Market Responsiveness and Track Record: Ability to respond, change direction, be flexible and achieve competitive success as opportunities develop, competitors act, customer needs evolve and market dynamics change. This criterion also considers the vendor's history of responsiveness.

Marketing Execution: The clarity, quality, creativity and efficacy of programs designed to deliver the organization's message in order to influence the market, promote the brand and business, increase awareness of the products, and establish a positive identification with the product/brand and organization in the minds of buyers. This "mind share" can be driven by a combination of publicity, promotional, thought leadership, word-of-mouth and sales activities.

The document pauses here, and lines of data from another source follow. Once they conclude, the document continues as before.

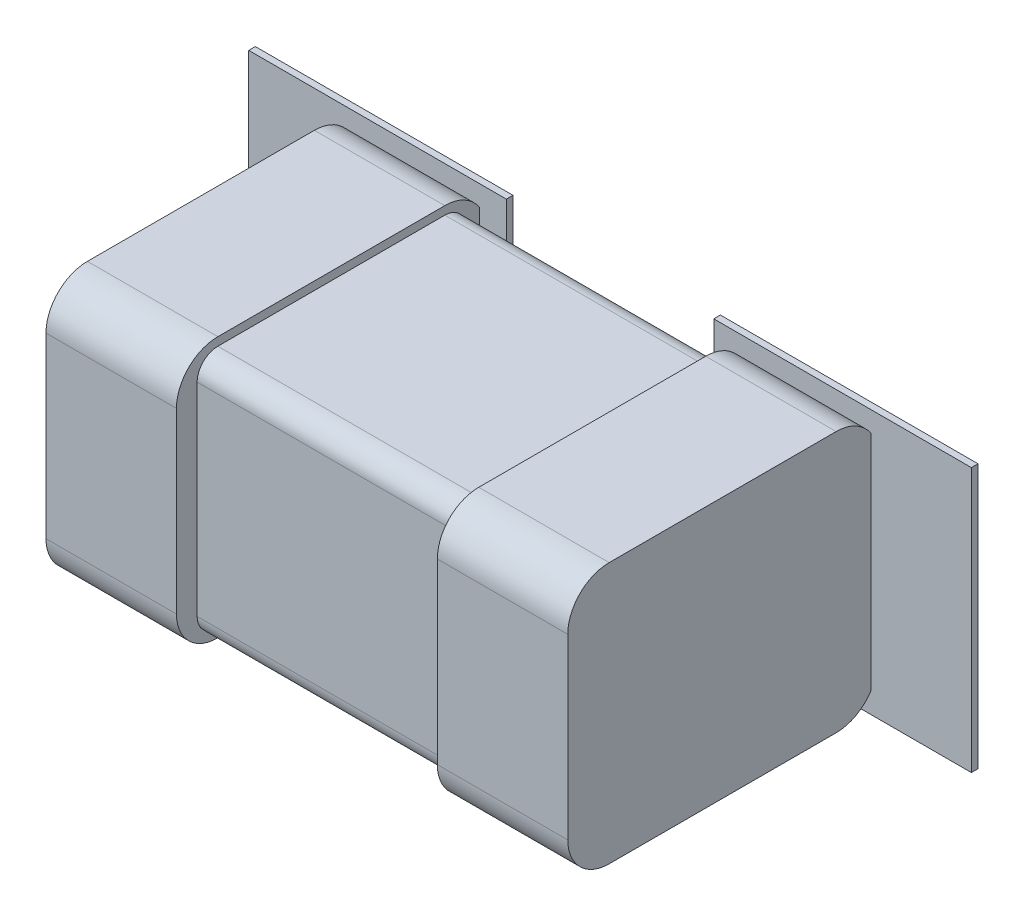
ISO-10303-21;
HEADER;
FILE_DESCRIPTION(('STEP AP214'),'2;1');
FILE_NAME('part.step','',(''),(''),'','','');
FILE_SCHEMA(('AUTOMOTIVE_DESIGN { 1 0 10303 214 1 1 1 1 }'));
ENDSEC;
DATA;
#1=APPLICATION_CONTEXT('core data for automotive mechanical design processes');
#2=APPLICATION_PROTOCOL_DEFINITION('international standard','automotive_design',2000,#1);
#3=PRODUCT_CONTEXT('',#1,'mechanical');
#4=PRODUCT('Part','Part','',(#3));
#5=PRODUCT_RELATED_PRODUCT_CATEGORY('part','',(#4));
#6=PRODUCT_DEFINITION_FORMATION('','',#4);
#7=PRODUCT_DEFINITION_CONTEXT('part definition',#1,'design');
#8=PRODUCT_DEFINITION('design','',#6,#7);
#9=PRODUCT_DEFINITION_SHAPE('','',#8);
#10=(LENGTH_UNIT() NAMED_UNIT(*) SI_UNIT(.MILLI.,.METRE.));
#11=(NAMED_UNIT(*) PLANE_ANGLE_UNIT() SI_UNIT($,.RADIAN.));
#12=(NAMED_UNIT(*) SI_UNIT($,.STERADIAN.) SOLID_ANGLE_UNIT());
#13=UNCERTAINTY_MEASURE_WITH_UNIT(LENGTH_MEASURE(1.E-05),#10,'distance_accuracy_value','');
#14=(GEOMETRIC_REPRESENTATION_CONTEXT(3) GLOBAL_UNCERTAINTY_ASSIGNED_CONTEXT((#13)) GLOBAL_UNIT_ASSIGNED_CONTEXT((#10,
#11,#12)) REPRESENTATION_CONTEXT('',''));
#15=CARTESIAN_POINT('',(0.,0.,0.));
#16=DIRECTION('',(0.,0.,1.));
#17=DIRECTION('',(1.,0.,0.));
#18=AXIS2_PLACEMENT_3D('',#15,#16,#17);
#19=CARTESIAN_POINT('',(0.,0.,0.0762));
#20=DIRECTION('',(0.,0.,1.));
#21=DIRECTION('',(1.,0.,0.));
#22=AXIS2_PLACEMENT_3D('',#19,#20,#21);
#23=PLANE('',#22);
#24=DIRECTION('',(0.,1.,0.));
#25=VECTOR('',#24,1.);
#26=CARTESIAN_POINT('',(0.318008,0.405003,0.0762));
#27=LINE('',#26,#25);
#28=CARTESIAN_POINT('',(0.318008,0.405003,0.0762));
#29=VERTEX_POINT('',#28);
#30=CARTESIAN_POINT('',(0.318008,-0.405003,0.0762));
#31=VERTEX_POINT('',#30);
#32=EDGE_CURVE('E228',#29,#31,#27,.F.);
#33=ORIENTED_EDGE('',*,*,#32,.F.);
#34=DIRECTION('',(1.,0.,0.));
#35=VECTOR('',#34,1.);
#36=CARTESIAN_POINT('',(1.1079988,0.405003,0.0762));
#37=LINE('',#36,#35);
#38=CARTESIAN_POINT('',(1.1079988,0.405003,0.0762));
#39=VERTEX_POINT('',#38);
#40=EDGE_CURVE('E215',#39,#29,#37,.F.);
#41=ORIENTED_EDGE('',*,*,#40,.F.);
#42=DIRECTION('',(0.,1.,0.));
#43=VECTOR('',#42,1.);
#44=CARTESIAN_POINT('',(1.1079988,-0.405003,0.0762));
#45=LINE('',#44,#43);
#46=CARTESIAN_POINT('',(1.1079988,-0.405003,0.0762));
#47=VERTEX_POINT('',#46);
#48=EDGE_CURVE('E356',#47,#39,#45,.T.);
#49=ORIENTED_EDGE('',*,*,#48,.F.);
#50=DIRECTION('',(1.,0.,0.));
#51=VECTOR('',#50,1.);
#52=CARTESIAN_POINT('',(0.318008,-0.405003,0.0762));
#53=LINE('',#52,#51);
#54=EDGE_CURVE('E229',#31,#47,#53,.T.);
#55=ORIENTED_EDGE('',*,*,#54,.F.);
#56=EDGE_LOOP('',(#33,#41,#49,#55));
#57=FACE_BOUND('',#56,.T.);
#58=ADVANCED_FACE('F16',(#57),#23,.F.);
#59=CARTESIAN_POINT('',(1.1079988,0.405003,0.0762));
#60=DIRECTION('',(0.,1.,0.));
#61=DIRECTION('',(0.,0.,1.));
#62=AXIS2_PLACEMENT_3D('',#59,#60,#61);
#63=PLANE('',#62);
#64=DIRECTION('',(0.,0.,-1.));
#65=VECTOR('',#64,1.);
#66=CARTESIAN_POINT('',(1.1079988,0.405003,0.0762));
#67=LINE('',#66,#65);
#68=CARTESIAN_POINT('',(1.1079988,0.405003,0.09652));
#69=VERTEX_POINT('',#68);
#70=EDGE_CURVE('E222',#39,#69,#67,.F.);
#71=ORIENTED_EDGE('',*,*,#70,.F.);
#72=ORIENTED_EDGE('',*,*,#40,.T.);
#73=DIRECTION('',(0.,0.,1.));
#74=VECTOR('',#73,1.);
#75=CARTESIAN_POINT('',(0.318008,0.405003,0.0762));
#76=LINE('',#75,#74);
#77=CARTESIAN_POINT('',(0.318008,0.405003,0.09652));
#78=VERTEX_POINT('',#77);
#79=EDGE_CURVE('E219',#78,#29,#76,.F.);
#80=ORIENTED_EDGE('',*,*,#79,.F.);
#81=DIRECTION('',(1.,0.,0.));
#82=VECTOR('',#81,1.);
#83=CARTESIAN_POINT('',(0.,0.405003,0.09652));
#84=LINE('',#83,#82);
#85=EDGE_CURVE('E354',#69,#78,#84,.F.);
#86=ORIENTED_EDGE('',*,*,#85,.F.);
#87=EDGE_LOOP('',(#71,#72,#80,#86));
#88=FACE_BOUND('',#87,.T.);
#89=ADVANCED_FACE('F217',(#88),#63,.T.);
#90=CARTESIAN_POINT('',(0.318008,0.405003,0.0762));
#91=DIRECTION('',(-1.,0.,0.));
#92=DIRECTION('',(0.,0.,1.));
#93=AXIS2_PLACEMENT_3D('',#90,#91,#92);
#94=PLANE('',#93);
#95=ORIENTED_EDGE('',*,*,#79,.T.);
#96=ORIENTED_EDGE('',*,*,#32,.T.);
#97=DIRECTION('',(0.,0.,-1.));
#98=VECTOR('',#97,1.);
#99=CARTESIAN_POINT('',(0.318008,-0.405003,0.0762));
#100=LINE('',#99,#98);
#101=CARTESIAN_POINT('',(0.318008,-0.405003,0.09652));
#102=VERTEX_POINT('',#101);
#103=EDGE_CURVE('E232',#102,#31,#100,.T.);
#104=ORIENTED_EDGE('',*,*,#103,.F.);
#105=DIRECTION('',(0.,1.,0.));
#106=VECTOR('',#105,1.);
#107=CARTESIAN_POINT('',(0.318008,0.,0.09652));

Customer Experience: Relationships, products and services/programs that enable clients to be successful with the products evaluated. Specifically, this includes the ways customers receive technical support or account support. This can also include ancillary tools, customer support programs (and the quality thereof), availability of user groups, SLAs, etc.

Operations: The ability of the organization to meet its goals and commitments. Factors include the quality of the organizational structure including skills, experiences, programs, systems and other vehicles that enable the organization to operate effectively and efficiently on an ongoing basis.


Completeness of Vision

Market Understanding: Ability of the vendor to understand buyers' wants and needs and to translate those into products and services. Vendors that show the highest degree of vision listen and understand buyers' wants and needs, and can shape or enhance those with their added vision.

Marketing Strategy: A clear, differentiated set of messages consistently communicated throughout the organization and externalized through the website, advertising, customer programs and positioning statements.

Sales Strategy: The strategy for selling product that uses the appropriate network of direct and indirect sales, marketing, service and communication affiliates that extend the scope and depth of market reach, skills, expertise, technologies, services and the customer base.

Offering (Product) Strategy: The vendor's approach to product development and delivery that emphasizes differentiation, functionality, methodology and feature set as they map to current and future requirements.

Business Model: The soundness and logic of the vendor's underlying business proposition.

Vertical/Industry Strategy: The vendor's strategy to direct resources, skills and offerings to meet the specific needs of individual market segments, including verticals.

Innovation: Direct, related, complementary and synergistic layouts of resources, expertise or capital for investment, consolidation, defensive or pre-emptive purposes.

Geographic Strategy: The vendor's strategy to direct resources, skills and offerings to meet the specific needs of geographies outside the "home" or native geography, either directly or through partners, channels and subsidiaries as appropriate for that geography and market.